_TASK DESCRIPTION_: Reproduce exactly the lines below, from the first one through the line containing "F6_T108_DEPTH = 7.9987755183", and omit any pictures.

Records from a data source
Content starts
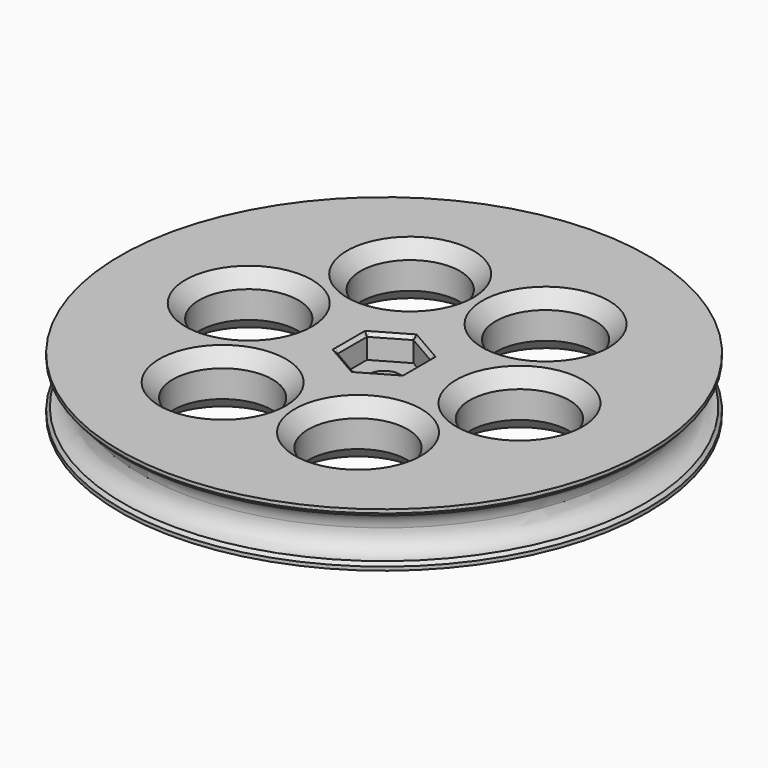
from build123d import *

# Parameters (mm, degrees)
F0_R          = 39
F0_R_2        = 2.325
F1_DEPTH      = 4
F2_R          = 3
F4_R          = 2.325
F5_DEPTH      = 3.5
F6_T4_DEPTH   = 7.9987755183
F6_T10_DEPTH  = 7.9987755183
F6_T16_DEPTH  = 7.9987755183
F6_T22_DEPTH  = 7.9987755183
F6_T28_DEPTH  = 7.9987755183
F6_T34_DEPTH  = 7.9987755183
F6_T38_ANGLE  = 270
F6_T40_ANGLE  = 90
F6_T42_ANGLE  = 90
F6_T44_ANGLE  = 270
F6_T49_DEPTH  = 7.9987755183
F6_T53_DEPTH  = 7.9987755183
F6_T60_DEPTH  = 7.9987755183
F6_T64_DEPTH  = 7.9987755183
F6_T71_DEPTH  = 7.9987755183
F6_T75_DEPTH  = 7.9987755183
F6_T82_DEPTH  = 7.9987755183
F6_T86_DEPTH  = 7.9987755183
F6_T93_DEPTH  = 7.9987755183
F6_T97_DEPTH  = 7.9987755183
F6_T104_DEPTH = 7.9987755183
F6_T108_DEPTH = 7.9987755183
F7_R          = 7.35
F8_DEPTH      = 25
F9_SIZE       = 2


# Not quite as in the source:
# - a fillet or chamfer that OpenCascade refuses, or shapes differently, is made with other operations: its cross-section is extruded or revolved along the edge and cut away or added


with BuildPart() as f1:
    # F0 (on Top) → F1 (new body, symmetric)
    with BuildSketch(Plane.XY):
        Circle(F0_R)
        Circle(F0_R_2, mode=Mode.SUBTRACT)
    extrude(amount=F1_DEPTH, both=True)

    # F2 (on Right) → F3 (revolve, cut)
    with BuildSketch(Plane.YZ):
        with Locations((-39, 0)):
            Circle(F2_R)
    revolve(axis=Axis((0, 0, 0), (0, 0, -1)), mode=Mode.SUBTRACT)

    # F4 (on face) → F5 (cut)
    with BuildSketch(Plane.XY.offset(4)):
        Polygon((-4.7, 2.7135462652), (-4.7, -2.7135462652), (0, -5.4270925304), (4.7, -2.7135462652), (4.7, 2.7135462652), (0, 5.4270925304), align=None)
        Circle(F4_R, mode=Mode.SUBTRACT)
    extrude(amount=-F5_DEPTH, mode=Mode.SUBTRACT)

    # F6: chamfer of 0.5 on 10 edges, made by hand


with BuildPart() as f6_tool2:
    # F6_s3 → F6_t4 (new body)
    with BuildSketch(Plane(origin=(3.463571399, -1.9996938796, 0), x_dir=(0, 0, 1), z_dir=(-0.8660254038, 0.5, 0))):
        Polygon((4, 5.2), (3.5, 4.7), (4, 4.7), align=None)
    extrude(amount=F6_T4_DEPTH)

    split(bisect_by=Plane.YZ.offset(4.7), keep=Keep.BOTTOM)

    split(bisect_by=Plane(origin=(-2.35, 4.0703193978, 0), x_dir=(0, 0, 1), z_dir=(0.5, -0.8660254038, 0)), keep=Keep.TOP)


with BuildPart() as f1_1:
    add(f1.part)

    # F6_t1: cut F6_tool2
    add(f6_tool2.part, mode=Mode.SUBTRACT)


with BuildPart() as f6_tool8:
    # F6_s9 → F6_t10 (new body)
    with BuildSketch(Plane.XZ.offset(3.9993877592)):
        Polygon((5.2, 4), (4.7, 3.5), (4.7, 4), align=None)
    extrude(amount=-F6_T10_DEPTH)

    split(bisect_by=Plane(origin=(2.35, -4.0703193978, 0), x_dir=(0, 0, 1), z_dir=(-0.5, 0.8660254038, 0)), keep=Keep.TOP)

    split(bisect_by=Plane(origin=(2.35, 4.0703193978, 0), x_dir=(0, 0, 1), z_dir=(-0.5, -0.8660254038, 0)), keep=Keep.TOP)


with BuildPart() as f1_2:
    add(f1_1.part)

    # F6_t7: cut F6_tool8
    add(f6_tool8.part, mode=Mode.SUBTRACT)


with BuildPart() as f6_tool14:
    # F6_s15 → F6_t16 (new body)
    with BuildSketch(Plane(origin=(-3.463571399, -1.9996938796, 0), x_dir=(0, 0, 1), z_dir=(0.8660254038, 0.5, 0))):
        Polygon((4, 5.2), (3.5, 4.7), (4, 4.7), align=None)
    extrude(amount=F6_T16_DEPTH)

    split(bisect_by=Plane(origin=(-2.35, -4.0703193978, 0), x_dir=(0, 0, 1), z_dir=(0.5, 0.8660254038, 0)), keep=Keep.TOP)

    split(bisect_by=Plane.YZ.offset(4.7), keep=Keep.BOTTOM)


with BuildPart() as f1_3:
    add(f1_2.part)

    # F6_t13: cut F6_tool14
    add(f6_tool14.part, mode=Mode.SUBTRACT)


with BuildPart() as f6_tool20:
    # F6_s21 → F6_t22 (new body)
    with BuildSketch(Plane(origin=(-3.463571399, 1.9996938796, 0), x_dir=(0, 0, 1), z_dir=(0.8660254038, -0.5, 0))):
        Polygon((4, 5.2), (3.5, 4.7), (4, 4.7), align=None)
    extrude(amount=F6_T22_DEPTH)

    split(bisect_by=Plane.YZ.offset(-4.7), keep=Keep.TOP)

    split(bisect_by=Plane(origin=(2.35, -4.0703193978, 0), x_dir=(0, 0, 1), z_dir=(-0.5, 0.8660254038, 0)), keep=Keep.TOP)


with BuildPart() as f1_4:
    add(f1_3.part)

    # F6_t19: cut F6_tool20
    add(f6_tool20.part, mode=Mode.SUBTRACT)


with BuildPart() as f6_tool26:
    # F6_s27 → F6_t28 (new body)
    with BuildSketch(Plane.XZ.offset(-3.9993877592)):
        Polygon((-5.2, 4), (-4.7, 3.5), (-4.7, 4), align=None)
    extrude(amount=F6_T28_DEPTH)

    split(bisect_by=Plane(origin=(-2.35, -4.0703193978, 0), x_dir=(0, 0, 1), z_dir=(0.5, 0.8660254038, 0)), keep=Keep.TOP)

    split(bisect_by=Plane(origin=(-2.35, 4.0703193978, 0), x_dir=(0, 0, 1), z_dir=(0.5, -0.8660254038, 0)), keep=Keep.TOP)


with BuildPart() as f1_5:
    add(f1_4.part)

    # F6_t25: cut F6_tool26
    add(f6_tool26.part, mode=Mode.SUBTRACT)


with BuildPart() as f6_tool32:
    # F6_s33 → F6_t34 (new body)
    with BuildSketch(Plane(origin=(3.463571399, 1.9996938796, 0), x_dir=(0, 0, 1), z_dir=(-0.8660254038, -0.5, 0))):
        Polygon((4, 5.2), (3.5, 4.7), (4, 4.7), align=None)
    extrude(amount=F6_T34_DEPTH)

    split(bisect_by=Plane.YZ.offset(-4.7), keep=Keep.TOP)

    split(bisect_by=Plane(origin=(2.35, 4.0703193978, 0), x_dir=(0, 0, 1), z_dir=(-0.5, -0.8660254038, 0)), keep=Keep.TOP)


with BuildPart() as f1_6:
    add(f1_5.part)

    # F6_t31: cut F6_tool32
    add(f6_tool32.part, mode=Mode.SUBTRACT)

    # F6_s37 → F6_t38 (revolve, cut)
    with BuildSketch(Plane.YZ):
        with BuildLine():
            Line((-39, -3.4641016151), (-38.5714285714, -2.9692299558))
            ThreePointArc((-38.5714285714, -2.9692299558), (-38.7780755038, -2.9917803258), (-39, -3))
            Line((-39, -3), (-39, -3.4641016151))
        make_face()
    revolve(axis=Axis((0, 0, -3), (0, 0, -1)), revolution_arc=F6_T38_ANGLE, mode=Mode.SUBTRACT)

    # F6_s39 → F6_t40 (revolve, cut)
    with BuildSketch(Plane.XZ):
        with BuildLine():
            Line((39, -3.4641016151), (38.5714285714, -2.9692299558))
            ThreePointArc((38.5714285714, -2.9692299558), (38.7780755038, -2.9917803258), (39, -3))
            Line((39, -3), (39, -3.4641016151))
        make_face()
    revolve(axis=Axis((0, 0, -3), (0, 0, -1)), revolution_arc=F6_T40_ANGLE, mode=Mode.SUBTRACT)

    # F6_s41 → F6_t42 (revolve, cut)
    with BuildSketch(Plane.XZ):
        with BuildLine():
            Line((38.5714285714, 2.9692299558), (39, 3.4641016151))
            Line((39, 3.4641016151), (39, 3))
            ThreePointArc((39, 3), (38.7780755038, 2.9917803258), (38.5714285714, 2.9692299558))
        make_face()
    revolve(axis=Axis((0, 0, 3), (0, 0, -1)), revolution_arc=F6_T42_ANGLE, mode=Mode.SUBTRACT)

    # F6_s43 → F6_t44 (revolve, cut)
    with BuildSketch(Plane.YZ):
        with BuildLine():
            Line((-38.5714285714, 2.9692299558), (-39, 3.4641016151))
            Line((-39, 3.4641016151), (-39, 3))
            ThreePointArc((-39, 3), (-38.7780755038, 2.9917803258), (-38.5714285714, 2.9692299558))
        make_face()
    revolve(axis=Axis((0, 0, 3), (0, 0, -1)), revolution_arc=F6_T44_ANGLE, mode=Mode.SUBTRACT)


with BuildPart() as f6_tool47:
    # F6_s48 → F6_t49 (new body)
    with BuildSketch(Plane.XZ.offset(3.9993877592)):
        Polygon((5.2, 4), (4.7, 3.5), (4.7, 4), align=None)
    extrude(amount=-F6_T49_DEPTH)

    split(bisect_by=Plane(origin=(2.35, 4.0703193978, 0), x_dir=(0, 0, 1), z_dir=(0.5, 0.8660254038, 0)), keep=Keep.TOP)


with BuildPart() as f6_tool51:
    # F6_s52 → F6_t53 (new body)
    with BuildSketch(Plane(origin=(3.463571399, -1.9996938796, 0), x_dir=(0, 0, 1), z_dir=(-0.8660254038, 0.5, 0))):
        Polygon((4, 5.2), (3.5, 4.7), (4, 4.7), align=None)
    extrude(amount=F6_T53_DEPTH)

    split(bisect_by=Plane.YZ.offset(4.7), keep=Keep.TOP)


with BuildPart() as f6_tool47_1:
    add(f6_tool47.part)

    # F6_t55: intersect F6_tool51
    add(f6_tool51.part, mode=Mode.INTERSECT)


with BuildPart() as f1_7:
    add(f1_6.part)

    # F6_t45: cut F6_tool47
    add(f6_tool47_1.part, mode=Mode.SUBTRACT)


with BuildPart() as f6_tool58:
    # F6_s59 → F6_t60 (new body)
    with BuildSketch(Plane(origin=(3.463571399, -1.9996938796, 0), x_dir=(0, 0, 1), z_dir=(-0.8660254038, 0.5, 0))):
        Polygon((4, 5.2), (3.5, 4.7), (4, 4.7), align=None)
    extrude(amount=F6_T60_DEPTH)

    split(bisect_by=Plane(origin=(-2.35, 4.0703193978, 0), x_dir=(0, 0, 1), z_dir=(-0.5, 0.8660254038, 0)), keep=Keep.TOP)


with BuildPart() as f6_tool62:
    # F6_s63 → F6_t64 (new body)
    with BuildSketch(Plane(origin=(3.463571399, 1.9996938796, 0), x_dir=(0, 0, 1), z_dir=(-0.8660254038, -0.5, 0))):
        Polygon((4, 5.2), (3.5, 4.7), (4, 4.7), align=None)
    extrude(amount=F6_T64_DEPTH)

    split(bisect_by=Plane(origin=(2.35, 4.0703193978, 0), x_dir=(0, 0, 1), z_dir=(0.5, 0.8660254038, 0)), keep=Keep.TOP)


with BuildPart() as f6_tool58_1:
    add(f6_tool58.part)

    # F6_t66: intersect F6_tool62
    add(f6_tool62.part, mode=Mode.INTERSECT)


with BuildPart() as f1_8:
    add(f1_7.part)

    # F6_t56: cut F6_tool58
    add(f6_tool58_1.part, mode=Mode.SUBTRACT)


with BuildPart() as f6_tool69:
    # F6_s70 → F6_t71 (new body)
    with BuildSketch(Plane(origin=(-3.463571399, -1.9996938796, 0), x_dir=(0, 0, 1), z_dir=(0.8660254038, 0.5, 0))):
        Polygon((4, 5.2), (3.5, 4.7), (4, 4.7), align=None)
    extrude(amount=F6_T71_DEPTH)

    split(bisect_by=Plane.YZ.offset(4.7), keep=Keep.TOP)


with BuildPart() as f6_tool73:
    # F6_s74 → F6_t75 (new body)
    with BuildSketch(Plane.XZ.offset(3.9993877592)):
        Polygon((5.2, 4), (4.7, 3.5), (4.7, 4), align=None)
    extrude(amount=-F6_T75_DEPTH)

    split(bisect_by=Plane(origin=(2.35, -4.0703193978, 0), x_dir=(0, 0, 1), z_dir=(0.5, -0.8660254038, 0)), keep=Keep.TOP)


with BuildPart() as f6_tool69_1:
    add(f6_tool69.part)

    # F6_t77: intersect F6_tool73
    add(f6_tool73.part, mode=Mode.INTERSECT)


with BuildPart() as f1_9:
    add(f1_8.part)

    # F6_t67: cut F6_tool69
    add(f6_tool69_1.part, mode=Mode.SUBTRACT)


with BuildPart() as f6_tool80:
    # F6_s81 → F6_t82 (new body)
    with BuildSketch(Plane(origin=(-3.463571399, 1.9996938796, 0), x_dir=(0, 0, 1), z_dir=(0.8660254038, -0.5, 0))):
        Polygon((4, 5.2), (3.5, 4.7), (4, 4.7), align=None)
    extrude(amount=F6_T82_DEPTH)

    split(bisect_by=Plane(origin=(2.35, -4.0703193978, 0), x_dir=(0, 0, 1), z_dir=(0.5, -0.8660254038, 0)), keep=Keep.TOP)


with BuildPart() as f6_tool84:
    # F6_s85 → F6_t86 (new body)
    with BuildSketch(Plane(origin=(-3.463571399, -1.9996938796, 0), x_dir=(0, 0, 1), z_dir=(0.8660254038, 0.5, 0))):
        Polygon((4, 5.2), (3.5, 4.7), (4, 4.7), align=None)
    extrude(amount=F6_T86_DEPTH)

    split(bisect_by=Plane(origin=(-2.35, -4.0703193978, 0), x_dir=(0, 0, 1), z_dir=(-0.5, -0.8660254038, 0)), keep=Keep.TOP)


with BuildPart() as f6_tool80_1:
    add(f6_tool80.part)

    # F6_t88: intersect F6_tool84
    add(f6_tool84.part, mode=Mode.INTERSECT)


with BuildPart() as f1_10:
    add(f1_9.part)

    # F6_t78: cut F6_tool80
    add(f6_tool80_1.part, mode=Mode.SUBTRACT)


with BuildPart() as f6_tool91:
    # F6_s92 → F6_t93 (new body)
    with BuildSketch(Plane.XZ.offset(-3.9993877592)):
        Polygon((-5.2, 4), (-4.7, 3.5), (-4.7, 4), align=None)
    extrude(amount=F6_T93_DEPTH)

    split(bisect_by=Plane(origin=(-2.35, -4.0703193978, 0), x_dir=(0, 0, 1), z_dir=(-0.5, -0.8660254038, 0)), keep=Keep.TOP)


with BuildPart() as f6_tool95:
    # F6_s96 → F6_t97 (new body)
    with BuildSketch(Plane(origin=(-3.463571399, 1.9996938796, 0), x_dir=(0, 0, 1), z_dir=(0.8660254038, -0.5, 0))):
        Polygon((4, 5.2), (3.5, 4.7), (4, 4.7), align=None)
    extrude(amount=F6_T97_DEPTH)

    split(bisect_by=Plane.YZ.offset(-4.7), keep=Keep.BOTTOM)


with BuildPart() as f6_tool91_1:
    add(f6_tool91.part)

    # F6_t99: intersect F6_tool95
    add(f6_tool95.part, mode=Mode.INTERSECT)


with BuildPart() as f1_11:
    add(f1_10.part)

    # F6_t89: cut F6_tool91
    add(f6_tool91_1.part, mode=Mode.SUBTRACT)


with BuildPart() as f6_tool102:
    # F6_s103 → F6_t104 (new body)
    with BuildSketch(Plane.XZ.offset(-3.9993877592)):
        Polygon((-5.2, 4), (-4.7, 3.5), (-4.7, 4), align=None)
    extrude(amount=F6_T104_DEPTH)

    split(bisect_by=Plane(origin=(-2.35, 4.0703193978, 0), x_dir=(0, 0, 1), z_dir=(-0.5, 0.8660254038, 0)), keep=Keep.TOP)


with BuildPart() as f6_tool106:
    # F6_s107 → F6_t108 (new body)
    with BuildSketch(Plane(origin=(3.463571399, 1.9996938796, 0), x_dir=(0, 0, 1), z_dir=(-0.8660254038, -0.5, 0))):
        Polygon((4, 5.2), (3.5, 4.7), (4, 4.7), align=None)
    extrude(amount=F6_T108_DEPTH)

    split(bisect_by=Plane.YZ.offset(-4.7), keep=Keep.BOTTOM)


with BuildPart() as f6_tool102_1:
    add(f6_tool102.part)

    # F6_t110: intersect F6_tool106
    add(f6_tool106.part, mode=Mode.INTERSECT)


with BuildPart() as f1_12:
    add(f1_11.part)

    # F6_t100: cut F6_tool102
    add(f6_tool102_1.part, mode=Mode.SUBTRACT)

    # F7 (on face) → F8 (cut)
    with BuildSketch(Plane.XY.offset(4)):
        with Locations((20, 0)):
            Circle(F7_R)
        with Locations((10, -17.3205080757)):
            Circle(F7_R)
        with Locations((-10, -17.3205080757)):
            Circle(F7_R)
        with Locations((-20, 0)):
            Circle(F7_R)
        with Locations((-10, 17.3205080757)):
            Circle(F7_R)
        with Locations((10, 17.3205080757)):
            Circle(F7_R)
    extrude(amount=-F8_DEPTH, mode=Mode.SUBTRACT)

    # F9
    f9_edges = [f1_12.edges().sort_by_distance(p)[0] for p in [
        (12.65, 0, 4),
        (2.65, -17.320508, 4),
        (-17.35, -17.320508, 4),
        (-27.35, 0, 4),
        (-17.35, 17.320508, 4),
        (2.65, 17.320508, 4),
        (-27.35, 0, -4),
        (-17.35, -17.320508, -4),
        (2.65, -17.320508, -4),
        (12.65, 0, -4),
        (2.65, 17.320508, -4),
        (-17.35, 17.320508, -4),
    ]]
    chamfer(f9_edges, length=F9_SIZE)


solid = f1_12.part
Content ends
_WRITTEN RESPONSE_:
from build123d import *

# Parameters (mm, degrees)
F0_R          = 39
F0_R_2        = 2.325
F1_DEPTH      = 4
F2_R          = 3
F4_R          = 2.325
F5_DEPTH      = 3.5
F6_T4_DEPTH   = 7.9987755183
F6_T10_DEPTH  = 7.9987755183
F6_T16_DEPTH  = 7.9987755183
F6_T22_DEPTH  = 7.9987755183
F6_T28_DEPTH  = 7.9987755183
F6_T34_DEPTH  = 7.9987755183
F6_T38_ANGLE  = 270
F6_T40_ANGLE  = 90
F6_T42_ANGLE  = 90
F6_T44_ANGLE  = 270
F6_T49_DEPTH  = 7.9987755183
F6_T53_DEPTH  = 7.9987755183
F6_T60_DEPTH  = 7.9987755183
F6_T64_DEPTH  = 7.9987755183
F6_T71_DEPTH  = 7.9987755183
F6_T75_DEPTH  = 7.9987755183
F6_T82_DEPTH  = 7.9987755183
F6_T86_DEPTH  = 7.9987755183
F6_T93_DEPTH  = 7.9987755183
F6_T97_DEPTH  = 7.9987755183
F6_T104_DEPTH = 7.9987755183
F6_T108_DEPTH = 7.9987755183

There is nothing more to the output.